◆ PROBLEM DESCRIPTION:
Work out how many lines of the listing hold "fontFamily", then state only that count.

◆ DATA TO PROCESS:
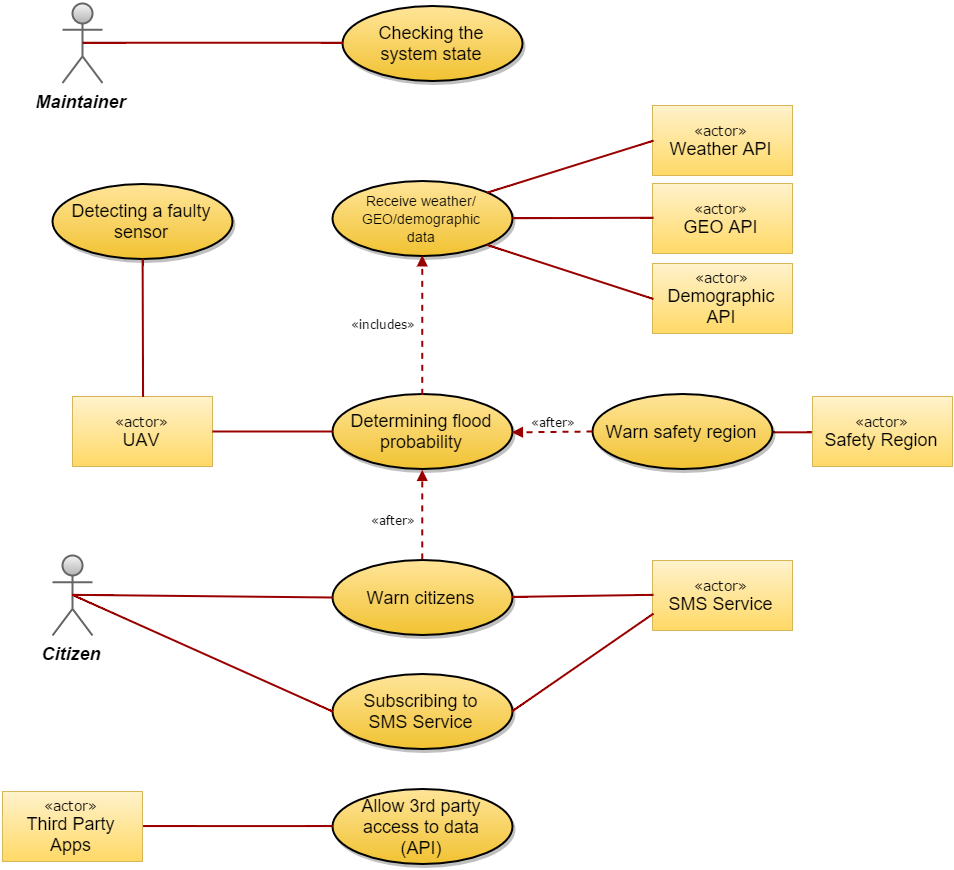

The diagram above was exported from draw.io. Its source (the exported page's mxGraphModel, read from the mxfile embedded in the PNG):
<mxGraphModel dx="4904" dy="5017" grid="1" gridSize="10" guides="1" tooltips="1" connect="1" fold="1" page="0" pageScale="1.5" pageWidth="826" pageHeight="1169" background="#ffffff" math="0">
  <root>
    <mxCell id="0" style=";html=1;" />
    <mxCell id="1" style=";html=1;" parent="0" />
    <mxCell id="93" value="Citizen&lt;br&gt;" style="shape=umlActor;verticalLabelPosition=bottom;verticalAlign=top;fontStyle=3;fontSize=18;fontFamily=Helvetica;strokeWidth=2;html=1;plain-gray" parent="1" vertex="1">
      <mxGeometry x="-3130" y="-3298" width="40" height="80" as="geometry" />
    </mxCell>
    <mxCell id="128" value="&lt;font style=&quot;font-size: 18px&quot;&gt;Warn citizens&lt;br&gt;&lt;/font&gt;" style="shape=mxgraph.flowchart.on-page_reference;fillColor=#FFE599;strokeColor=black;strokeWidth=2;shadow=1;gradientColor=#F1C232;html=1;" parent="1" vertex="1">
      <mxGeometry x="-2850" y="-3293.5" width="180" height="75" as="geometry" />
    </mxCell>
    <mxCell id="148" value="" style="edgeStyle=none;entryX=1;entryY=0.5;entryPerimeter=0;strokeWidth=2;endArrow=none;endFill=0;strokeColor=#990000;html=1;exitX=0;exitY=0.5;" parent="1" source="173" target="4d03752fdcc0b8f4-162" edge="1">
      <mxGeometry x="-3500" y="-3940" width="100" height="100" as="geometry">
        <mxPoint x="-3500" y="-3840" as="sourcePoint" />
        <mxPoint x="-2530" y="-3767" as="targetPoint" />
      </mxGeometry>
    </mxCell>
    <mxCell id="4d03752fdcc0b8f4-161" value="" style="edgeStyle=none;strokeWidth=2;endArrow=none;endFill=0;strokeColor=#990000;html=1;exitX=0.5;exitY=0.5;exitPerimeter=0;" parent="1" source="93" edge="1">
      <mxGeometry x="-3490" y="-3673" width="100" height="100" as="geometry">
        <mxPoint x="-2350" y="-3414.3918918918916" as="sourcePoint" />
        <mxPoint x="-2850" y="-3256" as="targetPoint" />
      </mxGeometry>
    </mxCell>
    <mxCell id="4d03752fdcc0b8f4-162" value="&lt;font style=&quot;font-size: 18px&quot;&gt;Warn safety region&lt;br&gt;&lt;/font&gt;" style="shape=mxgraph.flowchart.on-page_reference;fillColor=#FFE599;strokeColor=black;strokeWidth=2;shadow=1;gradientColor=#F1C232;html=1;" parent="1" vertex="1">
      <mxGeometry x="-2590" y="-3459.5" width="180" height="75" as="geometry" />
    </mxCell>
    <mxCell id="4d03752fdcc0b8f4-163" value="&lt;font style=&quot;font-size: 14px&quot; face=&quot;Verdana&quot;&gt;«actor»&lt;/font&gt;&lt;br&gt;&lt;font style=&quot;font-size: 18px&quot;&gt;SMS Service&lt;/font&gt;&lt;br&gt;" style="html=1;plain-yellow" parent="1" vertex="1">
      <mxGeometry x="-2530" y="-3293" width="140" height="70" as="geometry" />
    </mxCell>
    <mxCell id="4d03752fdcc0b8f4-164" value="" style="edgeStyle=none;strokeWidth=2;endArrow=none;endFill=0;strokeColor=#990000;html=1;exitX=1;exitY=0.5;exitPerimeter=0;entryX=0;entryY=0.5;" parent="1" source="128" target="4d03752fdcc0b8f4-163" edge="1">
      <mxGeometry x="-3480" y="-3663" width="100" height="100" as="geometry">
        <mxPoint x="-3100" y="-3248" as="sourcePoint" />
        <mxPoint x="-2840" y="-3246" as="targetPoint" />
      </mxGeometry>
    </mxCell>
    <mxCell id="4d03752fdcc0b8f4-165" value="&lt;font style=&quot;font-size: 18px&quot;&gt;Determining flood&lt;br&gt;probability&lt;br&gt;&lt;/font&gt;" style="shape=mxgraph.flowchart.on-page_reference;fillColor=#FFE599;strokeColor=black;strokeWidth=2;shadow=1;gradientColor=#F1C232;html=1;" parent="1" vertex="1">
      <mxGeometry x="-2850" y="-3459.5" width="180" height="75" as="geometry" />
    </mxCell>
    <mxCell id="4d03752fdcc0b8f4-170" value="&lt;font style=&quot;font-size: 14px&quot;&gt;Receive weather/&lt;br&gt;GEO/demographic&lt;br&gt;data&lt;br&gt;&lt;/font&gt;" style="shape=mxgraph.flowchart.on-page_reference;fillColor=#FFE599;strokeColor=black;strokeWidth=2;shadow=1;gradientColor=#F1C232;html=1;fontSize=15;" parent="1" vertex="1">
      <mxGeometry x="-2850" y="-3672.5" width="180" height="75" as="geometry" />
    </mxCell>
    <mxCell id="4d03752fdcc0b8f4-171" value="&lt;font style=&quot;font-size: 14px&quot; face=&quot;Verdana&quot;&gt;«actor»&lt;/font&gt;&lt;br&gt;&lt;font style=&quot;font-size: 18px&quot;&gt;Weather API&lt;/font&gt;&lt;br&gt;" style="html=1;plain-yellow" parent="1" vertex="1">
      <mxGeometry x="-2530" y="-3748" width="140" height="70" as="geometry" />
    </mxCell>
    <mxCell id="4d03752fdcc0b8f4-172" value="" style="edgeStyle=none;strokeWidth=2;endArrow=none;endFill=0;strokeColor=#990000;html=1;exitX=0.855;exitY=0.145;exitPerimeter=0;entryX=0;entryY=0.5;" parent="1" source="4d03752fdcc0b8f4-170" target="4d03752fdcc0b8f4-171" edge="1">
      <mxGeometry x="-3480" y="-3594" width="100" height="100" as="geometry">
        <mxPoint x="-2670" y="-3187" as="sourcePoint" />
        <mxPoint x="-2530" y="-3189" as="targetPoint" />
      </mxGeometry>
    </mxCell>
    <mxCell id="4d03752fdcc0b8f4-173" value="&lt;font style=&quot;font-size: 18px&quot;&gt;Subscribing to&lt;br&gt;SMS Service&lt;br&gt;&lt;/font&gt;" style="shape=mxgraph.flowchart.on-page_reference;fillColor=#FFE599;strokeColor=black;strokeWidth=2;shadow=1;gradientColor=#F1C232;html=1;" parent="1" vertex="1">
      <mxGeometry x="-2850" y="-3179.5" width="180" height="75" as="geometry" />
    </mxCell>
    <mxCell id="4d03752fdcc0b8f4-174" value="" style="edgeStyle=none;strokeWidth=2;endArrow=none;endFill=0;strokeColor=#990000;html=1;exitX=1;exitY=0.5;exitPerimeter=0;entryX=0;entryY=0.75;" parent="1" source="4d03752fdcc0b8f4-173" target="4d03752fdcc0b8f4-163" edge="1">
      <mxGeometry x="-3470" y="-3653" width="100" height="100" as="geometry">
        <mxPoint x="-2660" y="-3246" as="sourcePoint" />
        <mxPoint x="-2560" y="-3230" as="targetPoint" />
      </mxGeometry>
    </mxCell>
    <mxCell id="4d03752fdcc0b8f4-175" value="" style="edgeStyle=none;strokeWidth=2;endArrow=none;endFill=0;strokeColor=#990000;html=1;exitX=0.5;exitY=0.5;exitPerimeter=0;entryX=0;entryY=0.5;entryPerimeter=0;" parent="1" source="93" target="4d03752fdcc0b8f4-173" edge="1">
      <mxGeometry x="-3480" y="-3663" width="100" height="100" as="geometry">
        <mxPoint x="-3100" y="-3248" as="sourcePoint" />
        <mxPoint x="-2840" y="-3246" as="targetPoint" />
      </mxGeometry>
    </mxCell>
    <mxCell id="4d03752fdcc0b8f4-178" value="&lt;font style=&quot;font-size: 14px&quot; face=&quot;Verdana&quot;&gt;«actor»&lt;/font&gt;&lt;br&gt;&lt;font style=&quot;font-size: 18px&quot;&gt;GEO API&lt;/font&gt;&lt;br&gt;" style="html=1;plain-yellow" parent="1" vertex="1">
      <mxGeometry x="-2530" y="-3670" width="140" height="70" as="geometry" />
    </mxCell>
    <mxCell id="4d03752fdcc0b8f4-186" value="&lt;font style=&quot;font-size: 18px&quot;&gt;Allow 3rd party&lt;br&gt;access to data&lt;br&gt;(API)&lt;br&gt;&lt;/font&gt;" style="shape=mxgraph.flowchart.on-page_reference;fillColor=#FFE599;strokeColor=black;strokeWidth=2;shadow=1;gradientColor=#F1C232;html=1;" parent="1" vertex="1">
      <mxGeometry x="-2850" y="-3064.5" width="180" height="75" as="geometry" />
    </mxCell>
    <mxCell id="4d03752fdcc0b8f4-187" value="" style="edgeStyle=none;strokeWidth=2;endArrow=none;endFill=0;strokeColor=#990000;html=1;exitX=1;exitY=0.5;entryX=0;entryY=0.5;entryPerimeter=0;" parent="1" source="158" target="4d03752fdcc0b8f4-186" edge="1">
      <mxGeometry x="-3470" y="-3668" width="100" height="100" as="geometry">
        <mxPoint x="-3090" y="-3028" as="sourcePoint" />
        <mxPoint x="-2840" y="-3147" as="targetPoint" />
      </mxGeometry>
    </mxCell>
    <mxCell id="149" value="&lt;font style=&quot;font-size: 18px&quot;&gt;Detecting a faulty&lt;br&gt;sensor&lt;br&gt;&lt;/font&gt;" style="shape=mxgraph.flowchart.on-page_reference;fillColor=#FFE599;strokeColor=black;strokeWidth=2;shadow=1;gradientColor=#F1C232;html=1;" parent="1" vertex="1">
      <mxGeometry x="-3130" y="-3669.5" width="180" height="75" as="geometry" />
    </mxCell>
    <mxCell id="154" value="&lt;font style=&quot;font-size: 18px&quot;&gt;Checking the&lt;br&gt;system state&lt;br&gt;&lt;/font&gt;" style="shape=mxgraph.flowchart.on-page_reference;fillColor=#FFE599;strokeColor=black;strokeWidth=2;shadow=1;gradientColor=#F1C232;html=1;" parent="1" vertex="1">
      <mxGeometry x="-2840" y="-3847.5" width="180" height="75" as="geometry" />
    </mxCell>
    <mxCell id="155" value="Maintainer&lt;br&gt;" style="shape=umlActor;verticalLabelPosition=bottom;verticalAlign=top;fontStyle=3;fontSize=18;fontFamily=Helvetica;strokeWidth=2;html=1;plain-gray" parent="1" vertex="1">
      <mxGeometry x="-3120" y="-3850.5" width="40" height="80" as="geometry" />
    </mxCell>
    <mxCell id="156" value="" style="edgeStyle=none;entryX=0;entryY=0.5;entryPerimeter=0;strokeWidth=2;endArrow=none;endFill=0;strokeColor=#990000;html=1;exitX=0.5;exitY=0.5;exitPerimeter=0;" parent="1" source="155" target="154" edge="1">
      <mxGeometry x="-3480" y="-3816" width="100" height="100" as="geometry">
        <mxPoint x="-3070" y="-3555.613636363636" as="sourcePoint" />
        <mxPoint x="-2650" y="-3558" as="targetPoint" />
      </mxGeometry>
    </mxCell>
    <mxCell id="158" value="&lt;font style=&quot;font-size: 14px&quot; face=&quot;Verdana&quot;&gt;«actor»&lt;/font&gt;&lt;br&gt;&lt;font style=&quot;font-size: 18px&quot;&gt;Third Party&lt;br&gt;Apps&lt;br&gt;&lt;/font&gt;" style="html=1;plain-yellow" parent="1" vertex="1">
      <mxGeometry x="-3180" y="-3062" width="140" height="70" as="geometry" />
    </mxCell>
    <mxCell id="161" value="&lt;font face=&quot;Verdana&quot;&gt;«includes»&lt;/font&gt;" style="text;html=1;strokeColor=none;fillColor=none;align=center;verticalAlign=middle;whiteSpace=wrap;overflow=hidden;" parent="1" vertex="1">
      <mxGeometry x="-2840" y="-3540" width="80" height="20" as="geometry" />
    </mxCell>
    <mxCell id="162" value="" style="edgeStyle=none;strokeWidth=2;endArrow=block;endFill=1;strokeColor=#990000;html=1;dashed=1;exitX=0.5;exitY=0;exitPerimeter=0;entryX=0.5;entryY=1;entryPerimeter=0;" parent="1" source="4d03752fdcc0b8f4-165" target="4d03752fdcc0b8f4-170" edge="1">
      <mxGeometry x="-3460" y="-3516" width="100" height="100" as="geometry">
        <mxPoint x="-2750" y="-3449" as="sourcePoint" />
        <mxPoint x="-2650" y="-3538" as="targetPoint" />
      </mxGeometry>
    </mxCell>
    <mxCell id="166" value="" style="edgeStyle=none;strokeWidth=2;endArrow=block;endFill=1;strokeColor=#990000;html=1;dashed=1;entryX=1;entryY=0.5;entryPerimeter=0;" parent="1" target="4d03752fdcc0b8f4-165" edge="1">
      <mxGeometry x="-3450" y="-3506" width="100" height="100" as="geometry">
        <mxPoint x="-2590" y="-3422" as="sourcePoint" />
        <mxPoint x="-2820" y="-3450" as="targetPoint" />
      </mxGeometry>
    </mxCell>
    <mxCell id="167" value="&lt;font face=&quot;Verdana&quot;&gt;«after»&lt;/font&gt;" style="text;html=1;strokeColor=none;fillColor=none;align=center;verticalAlign=middle;whiteSpace=wrap;overflow=hidden;" parent="1" vertex="1">
      <mxGeometry x="-2670" y="-3442" width="80" height="20" as="geometry" />
    </mxCell>
    <mxCell id="168" value="" style="edgeStyle=none;strokeWidth=2;endArrow=block;endFill=1;strokeColor=#990000;html=1;dashed=1;entryX=0.5;entryY=1;entryPerimeter=0;exitX=0.5;exitY=0;exitPerimeter=0;" parent="1" source="128" target="4d03752fdcc0b8f4-165" edge="1">
      <mxGeometry x="-3325" y="-3381" width="100" height="100" as="geometry">
        <mxPoint x="-2610" y="-3340" as="sourcePoint" />
        <mxPoint x="-2705" y="-3325" as="targetPoint" />
      </mxGeometry>
    </mxCell>
    <mxCell id="169" value="&lt;font face=&quot;Verdana&quot;&gt;«after»&lt;/font&gt;" style="text;html=1;strokeColor=none;fillColor=none;align=center;verticalAlign=middle;whiteSpace=wrap;overflow=hidden;" parent="1" vertex="1">
      <mxGeometry x="-2830" y="-3344" width="80" height="20" as="geometry" />
    </mxCell>
    <mxCell id="173" value="&lt;font style=&quot;font-size: 14px&quot; face=&quot;Verdana&quot;&gt;«actor»&lt;/font&gt;&lt;br&gt;&lt;font style=&quot;font-size: 18px&quot;&gt;Safety Region&lt;/font&gt;&lt;br&gt;" style="html=1;plain-yellow" parent="1" vertex="1">
      <mxGeometry x="-2370" y="-3457" width="140" height="70" as="geometry" />
    </mxCell>
    <mxCell id="176" value="" style="edgeStyle=none;strokeWidth=2;endArrow=none;endFill=0;strokeColor=#990000;html=1;entryX=0;entryY=0.5;" parent="1" source="4d03752fdcc0b8f4-170" target="4d03752fdcc0b8f4-178" edge="1">
      <mxGeometry x="-3470" y="-3584" width="100" height="100" as="geometry">
        <mxPoint x="-2660" y="-3703" as="sourcePoint" />
        <mxPoint x="-2520" y="-3703" as="targetPoint" />
      </mxGeometry>
    </mxCell>
    <mxCell id="177" value="&lt;font style=&quot;font-size: 14px&quot; face=&quot;Verdana&quot;&gt;«actor»&lt;/font&gt;&lt;br&gt;&lt;font style=&quot;font-size: 18px&quot;&gt;Demographic&lt;br&gt;API&lt;/font&gt;&lt;br&gt;" style="html=1;plain-yellow" parent="1" vertex="1">
      <mxGeometry x="-2530" y="-3590" width="140" height="70" as="geometry" />
    </mxCell>
    <mxCell id="178" value="" style="edgeStyle=none;strokeWidth=2;endArrow=none;endFill=0;strokeColor=#990000;html=1;entryX=0;entryY=0.5;exitX=0.855;exitY=0.855;exitPerimeter=0;" parent="1" source="4d03752fdcc0b8f4-170" target="177" edge="1">
      <mxGeometry x="-3460" y="-3574" width="100" height="100" as="geometry">
        <mxPoint x="-2686" y="-3676" as="sourcePoint" />
        <mxPoint x="-2520" y="-3625" as="targetPoint" />
      </mxGeometry>
    </mxCell>
    <mxCell id="180" value="&lt;font style=&quot;font-size: 14px&quot; face=&quot;Verdana&quot;&gt;«actor»&lt;/font&gt;&lt;br&gt;&lt;font style=&quot;font-size: 18px&quot;&gt;UAV&lt;/font&gt;&lt;br&gt;" style="html=1;plain-yellow" parent="1" vertex="1">
      <mxGeometry x="-3110" y="-3457" width="140" height="70" as="geometry" />
    </mxCell>
    <mxCell id="182" value="" style="edgeStyle=none;strokeWidth=2;endArrow=none;endFill=0;strokeColor=#990000;html=1;" parent="1" edge="1">
      <mxGeometry x="-3770" y="-3371" width="100" height="100" as="geometry">
        <mxPoint x="-2970" y="-3422" as="sourcePoint" />
        <mxPoint x="-2850" y="-3422" as="targetPoint" />
      </mxGeometry>
    </mxCell>
    <mxCell id="183" value="" style="edgeStyle=none;strokeWidth=2;endArrow=none;endFill=0;strokeColor=#990000;html=1;exitX=0.5;exitY=0;" edge="1" parent="1" source="180" target="149">
      <mxGeometry x="-3470" y="-3584" width="100" height="100" as="geometry">
        <mxPoint x="-2686.144927536232" y="-3652.304347826087" as="sourcePoint" />
        <mxPoint x="-2519.478260869565" y="-3703.028985507246" as="targetPoint" />
      </mxGeometry>
    </mxCell>
  </root>
</mxGraphModel>

◆ FINISHED EXERCISE:
2